Pakistan - alongside India, Afghanistan and Nigeria - remains one of four countries in the world today where the polio virus remains endemic.

"For me just being different is the toughest thing, but I never really understood how different I was until I was around nine or 10. Watching my friends run and play cricket, I wanted so badly to join them, but couldn't.

"Each day I would crawl on my hands and knees to the playground down the street to watch them, ripping my clothes as I dragged myself along the side of the road. And while my mother would get angry with me, she knew she couldn't keep me back.
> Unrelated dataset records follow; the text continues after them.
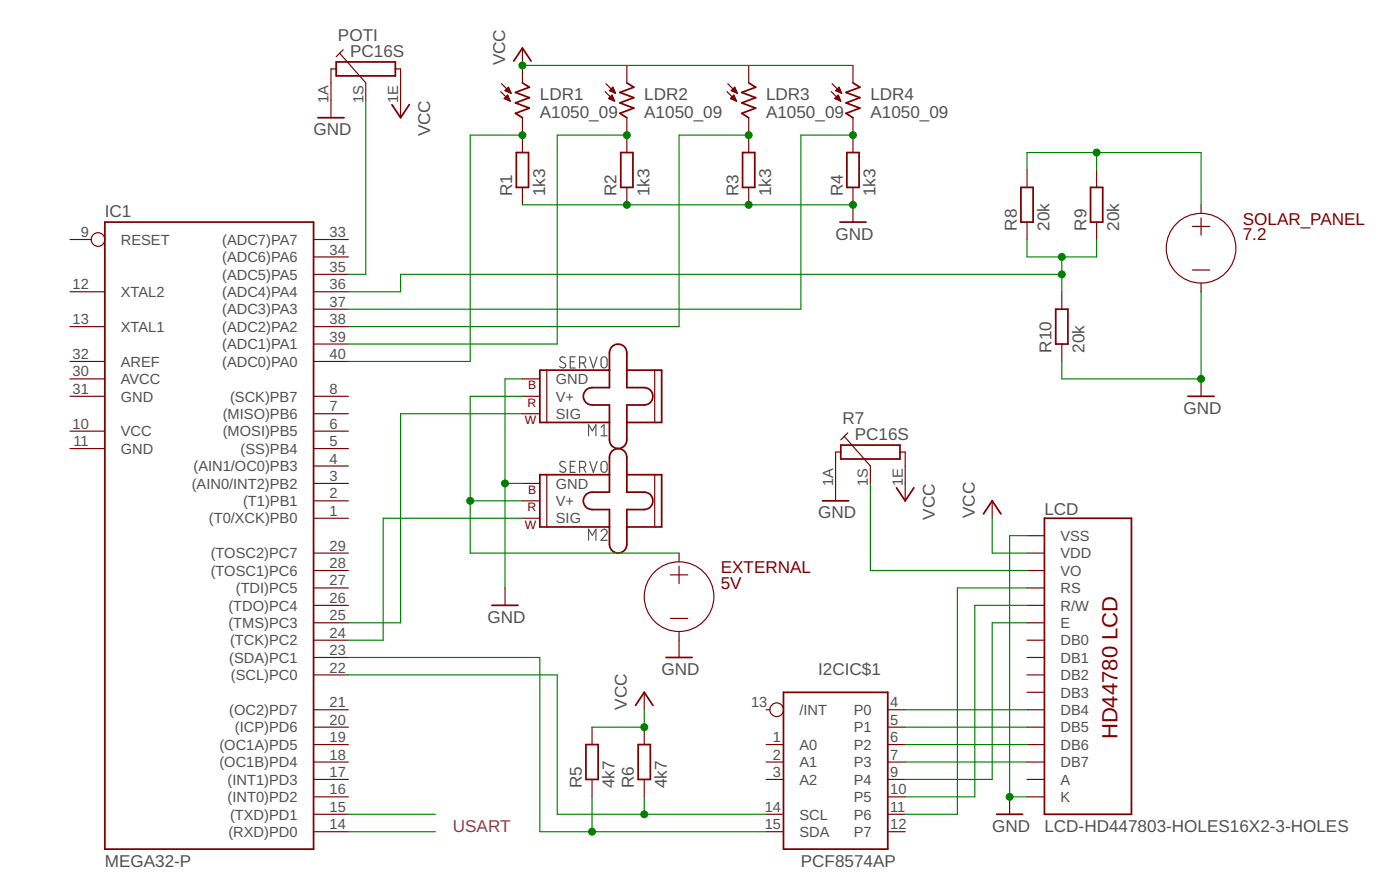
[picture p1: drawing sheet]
<svg xmlns="http://www.w3.org/2000/svg" width="204mm" height="130mm" viewBox="0 0 204 130" stroke-linecap="round" stroke-linejoin="round" font-family="sans-serif">
<g fill="none" stroke="#505050" stroke-width=".17">
<path d="M82.5 52.1a.42 .42 0 0 0-.6-.1 .42 .42 0 0 0-.1 .6l.6 .4a.37 .37 0 0 1 .1 .5 .37 .37 0 0 1-.5 .1l-.3-.2M83.2 52.7h.6M83.9 52h-.7v1.7h.7M84.6 52.9h.4a.44 .44 0 0 0 .5-.4 .44 .44 0 0 0-.5-.5h-.4v1.7M85.1 52.9l.4 .8M86.1 52l.5 1.7 .5-1.7M87.8 52.1a.44 .44 0 0 1 .5-.1 .44 .44 0 0 1 .3 .5v.7a.44 .44 0 0 1-.4 .5 .44 .44 0 0 1-.5-.5v-.7zM82.5 67.4a.42 .42 0 0 0-.6-.1 .42 .42 0 0 0-.1 .6l.6 .3a.38 .38 0 0 1 .1 .5 .38 .38 0 0 1-.5 .1l-.3-.1M83.2 68h.6M83.9 67.3h-.7v1.6h.7M84.6 68.2h.4a.44 .44 0 0 0 .5-.5 .44 .44 0 0 0-.5-.4h-.4v1.6M85.1 68.2l.4 .7"/>
<path d="M85.9 63.5v-1.6l.5 .9 .6-.9v1.6M85.9 78.8v-1.7l.5 1 .6-1v1.7M86.1 67.3l.5 1.6 .5-1.6M87.7 77.5a.44 .44 0 0 1 .6-.3 .44 .44 0 0 1 .2 .7l-.8 .9h.9M87.7 62.3l.5-.4v1.6M87.7 63.5h.9M87.8 67.4a.44 .44 0 0 1 .5-.1 .44 .44 0 0 1 .3 .4v.7a.44 .44 0 0 1-.4 .5 .44 .44 0 0 1-.5-.5v-.7z"/>
</g>
<g fill="none" stroke="#800000" stroke-width=".25">
<path d="M46.4 17.2h3.8M49.1 9h8.6v2.1h-8.6zM57.2 15.3l1.3 1.9 1.2-1.9M75 8.9l1.2-1.9 1.3 1.9M76.2 12.1l1.1 .6-2.1 .8 2.1 .7-2.1 .8 2.1 .8-2.1 .7 1 .7M91.5 12.1l1 .6-2 .8 2 .7-2 .8 2 .8-2 .7 1 .7M109.3 12.1l1 .6-2.1 .8 2.1 .7-2.1 .8 2.1 .8-2.1 .7 1.1 .7M124.5 12.1l1 .6-2 .8 2 .7-2 .8 2 .8-2 .7 1 .7M15.3 32.4h30.5v91.4h-30.5zM75.4 22.2h1.7v5.1h-1.7zM90.6 22.2h1.8v5.1h-1.8zM108.4 22.2h1.7v5.1h-1.7z"/>
<path d="M122.6 32.4h3.8M123.6 22.2h1.8v5.1h-1.8zM149 27.3h1.8v5.1h-1.8zM159.1 27.3h1.8v5.1h-1.8zM88.9 54h-10.1v7.6h10.1M89.3 50.6a1.28 1.28 0 0 1 1.4-.4 1.28 1.28 0 0 1 .8 1.2v5.1h2.5a1.27 1.27 0 0 1 1.3 1.3 1.27 1.27 0 0 1-1.3 1.2h-2.5v5.1a1.27 1.27 0 0 1-1.3 1.3 1.27 1.27 0 0 1-1.3-1.3v-5.1h-2.5a1.27 1.27 0 0 1-1.3-1.2 1.27 1.27 0 0 1 1.3-1.3h2.5v-5.1zM91.5 54h5.1v7.6h-5.1M154.1 45.1h1.7v5.1h-1.7zM173.4 57.8h3.8M88.9 69.2h-10.1v7.6h10.1M89.3 65.8a1.28 1.28 0 0 1 1.4-.3 1.28 1.28 0 0 1 .8 1.2v5h2.5a1.27 1.27 0 0 1 1.3 1.3 1.27 1.27 0 0 1-1.3 1.3h-2.5v5.1a1.27 1.27 0 0 1-1.3 1.2 1.27 1.27 0 0 1-1.3-1.2v-5.1h-2.5a1.27 1.27 0 0 1-1.3-1.3 1.27 1.27 0 0 1 1.3-1.3h2.5v-5zM91.5 69.2h5.1v7.6h-5.1"/>
<path d="M120 73h3.8M122.7 64.9h8.6v2h-8.6zM130.8 71.1l1.3 1.9 1.3-1.9M143.5 74.9l1.3-1.9 1.3 1.9M152.4 75.6h12.7v43.1h-12.7zM71.8 88.3h3.8M97.2 95.9h3.8M85.5 108.6h1.8v5h-1.8zM92.8 102.8l1.2-1.9 1.3 1.9M93.1 108.6h1.8v5h-1.8zM114.3 100.9h15.3v22.9h-15.3zM145.4 118.7h3.8"/>
</g>
<g fill="none" stroke="#800000" stroke-width=".17">
<path d="M49.1 10h-.8v7.2M49.6 7.8l3.8 4.3v2.5M50.1 7.3l-1 1M57.7 10h.8v7.2M73.1 13.4l1.4 1.3M73.2 12.2l1.4 1.4M73.6 14.4l.5-.5 .4 .8zM73.6 14.3h.7M73.7 14.4h.6M73.7 13.2l.9 .4M73.7 13.2h.7M73.8 14.2h.4"/>
<path d="M73.8 13.1h.6M73.9 14h.3M74 13h.3M74 13.3h.5M74 14.5h.4M74 13.9h.1M74.1 12.8h.2M74.2 12.7h.1M74.2 12.7l-.5 .5M74.2 12.7l.4 .9M74.3 13.5h.2M74.3 14.7h.1"/>
<path d="M74.5 13.6h.1M76.2 7v5.1M76.2 17.2v5M88.3 13.4l1.4 1.3M88.4 12.2l1.4 1.4M88.8 14.4l.5-.5 .4 .8zM88.9 14.3h.6M88.9 14.4h.7M88.9 13.2h.8M88.9 13.2l.9 .4M89 14.2h.4M89.1 13.1h.5"/>
<path d="M89.1 14h.3M89.2 13.3h.5M89.2 13h.4M89.2 14.5h.4M89.2 13.9h.2M89.3 12.8h.2M89.4 12.7h.1M89.4 12.7l-.5 .5M89.4 12.7l.4 .9M89.5 13.5h.3M89.5 14.7h.2M89.8 13.6h.1"/>
<path d="M91.5 9.5v2.6M91.5 17.2v5M106.1 13.4l1.4 1.3M106.2 12.2l1.4 1.4M106.6 14.4l.5-.5 .4 .8zM106.7 14.3h.6M106.7 14.4h.6M106.7 13.2h.7M106.7 13.2l.9 .4M106.8 14.2h.4M106.8 13.1h.6M106.9 14h.3"/>
<path d="M107 13h.3M107 13.3h.5M107 14.5h.4M107 13.9h.1M107.1 12.8h.2M107.2 12.7h.1M107.2 12.7l-.5 .5M107.2 12.7l.4 .9M107.2 13.5h.3M107.3 14.7h.1M107.5 13.6h.1M109.3 9.5v2.6"/>
<path d="M109.3 17.2v5M121.3 13.4l1.4 1.3M121.4 12.2l1.4 1.4M121.9 14.3h.6M122 14.4h.6M122 13.2h.7M122 14.2h.5M122.1 13.1h.5M122.1 14h.3M122.2 13h.4M122.2 13.3h.5M122.2 14.5h.4"/>
<path d="M122.3 13.9h.1M122.3 12.8h.2M122.3 13.9l.4 .8-.9-.3zM122.4 12.7h.1M122.4 12.7l-.5 .5 .9 .4M122.4 12.7l.4 .9M122.5 13.5h.3M122.5 14.7h.2M122.8 13.6h.1M124.5 9.5v2.6M124.5 17.2v5M10.2 34.9h3.1"/>
<path d="M45.8 34.9h5M45.8 37.5h5M45.8 40h5M76.2 27.3v2.6M91.5 27.3v2.6M109.3 27.3v2.6M124.5 27.3v5.1M149.9 24.8v2.5M149.9 32.4v2.5M160 24.8v2.5M160 32.4v2.5M174 33h2.5"/>
<path d="M174 39.4h2.5M175.3 29.9v1.2M175.3 31.8v2.5M10.2 42.5h5.1M10.2 47.6h5.1M10.2 52.7h5.1M10.2 57.8h5.1M10.2 55.2h5.1M45.8 42.5h5M45.8 45.1h5M45.8 47.6h5M45.8 50.2h5"/>
<path d="M45.8 52.7h5M45.8 57.8h5M76.2 57.8h2.6M76.2 55.2h2.6M79.8 54v7.6M95.5 54v7.6M155 42.5v2.6M155 50.2v2.5M175.3 41.3v1.2M175.3 55.2v2.6M10.2 62.9h5.1M10.2 65.4h5.1"/>
<path d="M45.8 60.3h5M45.8 62.9h5M45.8 65.4h5M45.8 67.9h5M45.8 70.5h5M45.8 73h5M45.8 75.6h5M76.2 60.3h2.6M76.2 70.5h2.6M76.2 73h2.6M76.2 75.6h2.6M79.8 69.2v7.6"/>
<path d="M95.5 69.2v7.6M122.7 65.9h-.8v7.1M123.2 63.6l3.8 4.3v2.6M123.7 63.1l-1 1M131.3 65.9h.8v7.1M144.8 73v2.6M149.9 78.1h2.5M45.8 80.6h5M45.8 83.2h5M45.8 85.7h5M45.8 88.3h5M45.8 90.8h5"/>
<path d="M45.8 93.3h5M45.8 95.9h5M45.8 98.4h5M73.7 85.7v2.6M97.8 83.8h2.6M97.8 90.2h2.6M99.1 80.6v1.3M99.1 82.5v2.6M99.1 92.1v3.8M149.9 80.6h2.5M149.9 83.2h2.5M149.9 85.7h2.5"/>
<path d="M149.9 88.3h2.5M149.9 90.8h2.5M149.9 93.3h2.5M149.9 95.9h2.5M149.9 98.4h2.5M45.8 118.7h5M45.8 116.2h5M45.8 113.6h5M45.8 111.1h5M45.8 108.6h5M45.8 106h5M45.8 103.5h5"/>
<path d="M86.4 106v2.6M86.4 113.6v2.6M94 100.9v2.6M94 106v2.6M94 113.6v2.6M111.8 118.7h2.5M111.8 113.6h2.5M111.8 111.1h2.5M111.8 108.6h2.5M111.8 103.5h.6M129.6 118.7h2.5M129.6 116.2h2.5"/>
<path d="M129.6 113.6h2.5M129.6 111.1h2.5M129.6 108.6h2.5M129.6 106h2.5M129.6 103.5h2.5M147.3 116.2v2.5M149.9 116.2h2.5M149.9 113.6h2.5M149.9 111.1h2.5M149.9 108.6h2.5M149.9 106h2.5M149.9 103.5h2.5"/>
<path d="M149.9 100.9h2.5M45.8 121.3h5M111.8 121.3h2.5M129.6 121.3h2.5"/>
<circle cx="14.3" cy="34.9" r=".99"/>
<circle cx="175.3" cy="36.2" r="5.1"/>
<circle cx="99.1" cy="87" r="5.1"/>
<circle cx="113.3" cy="103.5" r=".99"/>
</g>
<g fill="none" stroke="#008000" stroke-width=".17">
<path d="M53.4 14.6v25.4h-2.6M76.2 19.7h-7.6v33h-17.8M76.2 9.5h48.3M91.5 19.7h-10.2v30.5h-30.5M109.3 19.7h-10.2v27.9h-48.3M124.5 19.7h-7.6v25.4h-66.1M76.2 29.9h48.3M149.9 24.8v-2.6h25.4v7.7M149.9 34.9v2.6h10.1v-2.6M155 37.5v5M155 40h-96.5v2.5h-7.7M160 22.2v2.6"/>
<path d="M76.2 57.8h-7.6v22.8h30.5M76.2 55.2h-2.5v30.5M175.3 42.5v12.7h-20.3v-2.5M68.6 73h7.6M73.7 70.5h2.5M76.2 60.3h-17.7v30.5h-7.7M76.2 75.6h-20.3v17.7h-5.1M127 70.5v12.7h22.9M144.8 75.6v5h5.1M149.9 78.1h-2.6v38.1h2.6M50.8 98.4h30.5v20.3h30.5M50.8 95.9h28v25.4h33"/>
<path d="M149.9 90.8h-5.1v22.8h-12.7M149.9 88.3h-7.6v27.9h-10.2M149.9 85.7h-10.2v33h-7.6M50.8 118.7h12.7M86.4 116.2v5.1M94 103.5v2.5h-7.6M94 116.2v2.5M132.1 106h17.8M132.1 103.5h17.8M132.1 108.6h17.8M132.1 111.1h17.8M50.8 121.3h12.7"/>
</g>
<g fill="#008000" stroke="#008000" stroke-width=".15">
<circle cx="76.2" cy="19.7" r=".51"/>
<circle cx="91.5" cy="19.7" r=".51"/>
<circle cx="109.3" cy="19.7" r=".51"/>
<circle cx="124.5" cy="19.7" r=".51"/>
<circle cx="76.2" cy="9.5" r=".51"/>
<circle cx="94" cy="106" r=".51"/>
<circle cx="147.3" cy="116.2" r=".51"/>
<circle cx="73.7" cy="70.5" r=".51"/>
<circle cx="175.3" cy="55.2" r=".51"/>
<circle cx="91.5" cy="29.9" r=".51"/>
<circle cx="109.3" cy="29.9" r=".51"/>
<circle cx="124.5" cy="29.9" r=".51"/>
<circle cx="94" cy="118.7" r=".51"/>
<circle cx="86.4" cy="121.3" r=".51"/>
<circle cx="155" cy="37.5" r=".51"/>
<circle cx="155" cy="40" r=".51"/>
<circle cx="160" cy="22.2" r=".51"/>
<circle cx="68.6" cy="73" r=".51"/>
</g>
<text font-size="3.2" fill="#800000" x="163.1" y="107.8" transform="rotate(-90 163.1 107.8)">HD44780 LCD</text>
<g font-size="2.5" fill="#505050">
<text x="49.3" y="6">POTI</text>
<text x="51.1" y="8.3">PC16S</text>
<text x="73.7" y="9.5" transform="rotate(-90 73.7 9.5)">VCC</text>
<text x="78.8" y="17.2">A1050_09</text>
<text x="78.8" y="14.6">LDR1</text>
<text x="94" y="17.2">A1050_09</text>
<text x="94" y="14.6">LDR2</text>
<text x="111.8" y="17.2">A1050_09</text>
<text x="111.8" y="14.6">LDR3</text>
<text x="127" y="17.2">A1050_09</text>
<text x="127" y="14.6">LDR4</text>
<text x="45.8" y="19.7">GND</text>
<text x="62.8" y="19.9" transform="rotate(-90 62.8 19.9)">VCC</text>
<text x="74.7" y="28.6" transform="rotate(-90 74.7 28.6)">R1</text>
<text x="79.5" y="28.6" transform="rotate(-90 79.5 28.6)">1k3</text>
<text x="90" y="28.6" transform="rotate(-90 90 28.6)">R2</text>
<text x="94.8" y="28.6" transform="rotate(-90 94.8 28.6)">1k3</text>
<text x="107.8" y="28.6" transform="rotate(-90 107.8 28.6)">R3</text>
<text x="112.6" y="28.6" transform="rotate(-90 112.6 28.6)">1k3</text>
<text x="123" y="28.6" transform="rotate(-90 123 28.6)">R4</text>
<text x="127.8" y="28.6" transform="rotate(-90 127.8 28.6)">1k3</text>
<text x="15.3" y="31.6">IC1</text>
<text x="121.9" y="34.9">GND</text>
<text x="148.4" y="33.7" transform="rotate(-90 148.4 33.7)">R8</text>
<text x="153.2" y="33.7" transform="rotate(-90 153.2 33.7)">20k</text>
<text x="158.5" y="33.7" transform="rotate(-90 158.5 33.7)">R9</text>
<text x="163.3" y="33.7" transform="rotate(-90 163.3 33.7)">20k</text>
<text x="153.5" y="51.4" transform="rotate(-90 153.5 51.4)">R10</text>
<text x="158.3" y="51.4" transform="rotate(-90 158.3 51.4)">20k</text>
<text x="123" y="61.8">R7</text>
<text x="124.7" y="64.1">PC16S</text>
<text x="172.7" y="60.3">GND</text>
<text x="119.4" y="75.6">GND</text>
<text x="136.4" y="75.7" transform="rotate(-90 136.4 75.7)">VCC</text>
<text x="142.3" y="75.6" transform="rotate(-90 142.3 75.6)">VCC</text>
<text x="152.4" y="75">LCD</text>
<text x="71.2" y="90.8">GND</text>
<text x="96.6" y="98.4">GND</text>
<text x="119.4" y="98.4">I2CIC$1</text>
<text x="91.5" y="103.5" transform="rotate(-90 91.5 103.5)">VCC</text>
<text x="84.9" y="114.9" transform="rotate(-90 84.9 114.9)">R5</text>
<text x="89.7" y="114.9" transform="rotate(-90 89.7 114.9)">4k7</text>
<text x="92.5" y="114.9" transform="rotate(-90 92.5 114.9)">R6</text>
<text x="97.3" y="114.9" transform="rotate(-90 97.3 114.9)">4k7</text>
<text x="144.8" y="121.3">GND</text>
<text x="152.4" y="121.3">LCD-HD447803-HOLES16X2-3-HOLES</text>
<text x="15.3" y="126.3">MEGA32-P</text>
<text x="116.9" y="126.3">PCF8574AP</text>
</g>
<g font-size="2.5" fill="#800000">
<text x="181.4" y="32.8">SOLAR_PANEL</text>
<text x="181.4" y="35.1">7.2</text>
<text x="105.2" y="83.6">EXTERNAL</text>
<text x="105.2" y="85.8">5V</text>
</g>
<text font-size="2.5" fill="#800080" x="66.1" y="121.3">USART</text>
<g font-size="2.1" fill="#505050">
<text x="48" y="15.1" transform="rotate(-90 48 15.1)">1A</text>
<text x="53" y="15.1" transform="rotate(-90 53 15.1)">1S</text>
<text x="58.1" y="15.1" transform="rotate(-90 58.1 15.1)">1E</text>
<text x="11.8" y="34.6">9</text>
<text x="17.6" y="35.7">RESET</text>
<text x="32.4" y="35.7">(ADC7)PA7</text>
<text x="48.1" y="34.6">33</text>
<text x="32.4" y="38.2">(ADC6)PA6</text>
<text x="32.4" y="40.8">(ADC5)PA5</text>
<text x="48.1" y="37.1">34</text>
<text x="48.1" y="39.7">35</text>
<text x="10.6" y="47.3">13</text>
<text x="10.6" y="42.2">12</text>
<text x="17.6" y="43.3">XTAL2</text>
<text x="32.4" y="43.3">(ADC4)PA4</text>
<text x="32.4" y="45.8">(ADC3)PA3</text>
<text x="48.1" y="42.2">36</text>
<text x="48.1" y="44.7">37</text>
<text x="48.1" y="47.3">38</text>
<text x="10.6" y="52.3">32</text>
<text x="17.6" y="53.5">AREF</text>
<text x="17.6" y="48.4">XTAL1</text>
<text x="32.4" y="48.4">(ADC2)PA2</text>
<text x="32.4" y="50.9">(ADC1)PA1</text>
<text x="32.4" y="53.5">(ADC0)PA0</text>
<text x="48.1" y="49.8">39</text>
<text x="48.1" y="52.3">40</text>
<text x="10.6" y="57.4">31</text>
<text x="10.6" y="54.9">30</text>
<text x="17.6" y="58.5">GND</text>
<text x="17.6" y="56">AVCC</text>
<text x="33.6" y="58.5">(SCK)PB7</text>
<text x="48.1" y="57.4">8</text>
<text x="48.1" y="60">7</text>
<text x="81.1" y="58.5">V+</text>
<text x="81.1" y="56">GND</text>
<text x="10.6" y="62.5">10</text>
<text x="10.7" y="65">11</text>
<text x="17.6" y="63.6">VCC</text>
<text x="32.5" y="61.1">(MISO)PB6</text>
<text x="32.5" y="63.6">(MOSI)PB5</text>
<text x="48.1" y="62.5">6</text>
<text x="48.1" y="65">5</text>
<text x="81.1" y="61.1">SIG</text>
<text x="17.6" y="66.2">GND</text>
<text x="28" y="71.2">(AIN0/INT2)PB2</text>
<text x="28.2" y="68.7">(AIN1/OC0)PB3</text>
<text x="35.1" y="66.2">(SS)PB4</text>
<text x="48.1" y="67.6">4</text>
<text x="48.1" y="70.1">3</text>
<text x="81.1" y="71.2">GND</text>
<text x="121.6" y="70.9" transform="rotate(-90 121.6 70.9)">1A</text>
<text x="126.7" y="70.9" transform="rotate(-90 126.7 70.9)">1S</text>
<text x="131.8" y="70.9" transform="rotate(-90 131.8 70.9)">1E</text>
<text x="30.5" y="76.3">(T0/XCK)PB0</text>
<text x="35.5" y="73.8">(T1)PB1</text>
<text x="48.1" y="72.7">2</text>
<text x="48.1" y="75.2">1</text>
<text x="81.1" y="76.3">SIG</text>
<text x="81.1" y="73.8">V+</text>
<text x="30.8" y="81.4">(TOSC2)PC7</text>
<text x="30.8" y="83.9">(TOSC1)PC6</text>
<text x="48.1" y="80.3">29</text>
<text x="48.1" y="82.8">28</text>
<text x="154.8" y="81.4">VDD</text>
<text x="154.8" y="83.9">VO</text>
<text x="154.8" y="78.9">VSS</text>
<text x="33.3" y="89">(TDO)PC4</text>
<text x="34.4" y="86.5">(TDI)PC5</text>
<text x="48.1" y="85.4">27</text>
<text x="48.1" y="87.9">26</text>
<text x="154.8" y="89">R/W</text>
<text x="154.8" y="86.5">RS</text>
<text x="33.3" y="91.6">(TMS)PC3</text>
<text x="33.6" y="94.1">(TCK)PC2</text>
<text x="48.1" y="90.4">25</text>
<text x="48.1" y="93">24</text>
<text x="48.1" y="95.5">23</text>
<text x="154.8" y="94.1">DB0</text>
<text x="154.8" y="91.6">E</text>
<text x="33.5" y="96.6">(SDA)PC1</text>
<text x="33.7" y="99.2">(SCL)PC0</text>
<text x="48.1" y="98.1">22</text>
<text x="154.8" y="96.6">DB1</text>
<text x="154.8" y="99.2">DB2</text>
<text x="154.8" y="101.7">DB3</text>
<text x="33.5" y="104.2">(OC2)PD7</text>
<text x="34.3" y="106.8">(ICP)PD6</text>
<text x="48.1" y="105.7">20</text>
<text x="48.1" y="103.1">21</text>
<text x="109.6" y="103.1">13</text>
<text x="116.7" y="104.2">/INT</text>
<text x="124.6" y="104.2">P0</text>
<text x="124.6" y="106.8">P1</text>
<text x="129.9" y="103.1">4</text>
<text x="129.9" y="105.7">5</text>
<text x="154.8" y="104.2">DB4</text>
<text x="154.8" y="106.8">DB5</text>
<text x="32" y="111.9">(OC1B)PD4</text>
<text x="32" y="109.3">(OC1A)PD5</text>
<text x="48.1" y="113.3">17</text>
<text x="48.1" y="110.7">18</text>
<text x="48.1" y="108.2">19</text>
<text x="112.8" y="108.2">1</text>
<text x="112.8" y="110.7">2</text>
<text x="112.8" y="113.3">3</text>
<text x="116.7" y="109.3">A0</text>
<text x="116.7" y="111.9">A1</text>
<text x="124.6" y="109.3">P2</text>
<text x="124.6" y="111.9">P3</text>
<text x="129.9" y="108.2">6</text>
<text x="129.9" y="110.7">7</text>
<text x="129.9" y="113.3">9</text>
<text x="154.8" y="109.3">DB6</text>
<text x="154.8" y="111.9">DB7</text>
<text x="33.2" y="116.9">(INT0)PD2</text>
<text x="33.2" y="114.4">(INT1)PD3</text>
<text x="33.6" y="119.5">(TXD)PD1</text>
<text x="48.1" y="118.4">15</text>
<text x="48.1" y="115.8">16</text>
<text x="111.6" y="118.4">14</text>
<text x="116.7" y="114.4">A2</text>
<text x="116.7" y="119.5">SCL</text>
<text x="124.6" y="114.4">P4</text>
<text x="124.6" y="116.9">P5</text>
<text x="124.6" y="119.5">P6</text>
<text x="129.9" y="115.8">10</text>
<text x="129.9" y="118.4">11</text>
<text x="154.8" y="114.4">A</text>
<text x="154.8" y="116.9">K</text>
<text x="33.3" y="122">(RXD)PD0</text>
<text x="48.1" y="120.9">14</text>
<text x="111.6" y="120.9">15</text>
<text x="116.7" y="122">SDA</text>
<text x="124.6" y="122">P7</text>
<text x="129.9" y="120.9">12</text>
</g>
<g font-size="1.8" fill="#800000">
<text x="77" y="59.3">R</text>
<text x="77.1" y="56.8">B</text>
<text x="76.6" y="61.8">W</text>
<text x="76.6" y="77.1">W</text>
<text x="77" y="74.5">R</text>
<text x="77.1" y="72">B</text>
</g>
</svg>

I wanted desperately to take part, to be 'normal' like the other kids. I didn't care how I got there.

"Two years ago I got my first wheelchair, which allows me greater mobility outside the home, but I still crawl around at home as our house is quite small and it's easier.

"At 14, I still want to join in, but have accepted some of the realities of what living with polio brings. I have to adjust to being different, which is really hard sometimes. Life is meaningless if you can't participate - can't feel like everyone else - and, yes, I still cry sometimes.

"But fortunately, my family has always been behind me, as have my friends, who have been quite supportive. And while they have always tried to treat me the same as every one else, I know, with the physical handicap I have to live with, that's impossible.

"Not being able to walk - the hardest thing is accepting these realities; not being able to take care of myself, not even being able to go to the toilet without the help of others. For me this is the worst thing. I crawl into the washroom to relieve myself in a small pan, which my mother then has to empty for me.

"My father still feels guilty for not having me vaccinated against polio when I was a baby, but at that time there was no door-to-door vaccination programme in Pakistan and my family knew little about polio at the time. Even today, my father blames himself. And while he doesn't cry as much as he once did, he now worries constantly what will become of me when they are gone. What will I do? How will I take care of myself?

"Sure, I think of these things too - of whether one day I will marry and be able to live independently like everyone else. But right now I am trying to think of what I can do, as opposed to what I can't do physically. Right now my passion is education and this year I was top of my class - in a special school for students with physical disabilities.

"Each day my mother wakes me at 5:30am for school, to dress and bath me. She wants me always to look my best. It's hard for her at her age, but she loves me dearly and I know it.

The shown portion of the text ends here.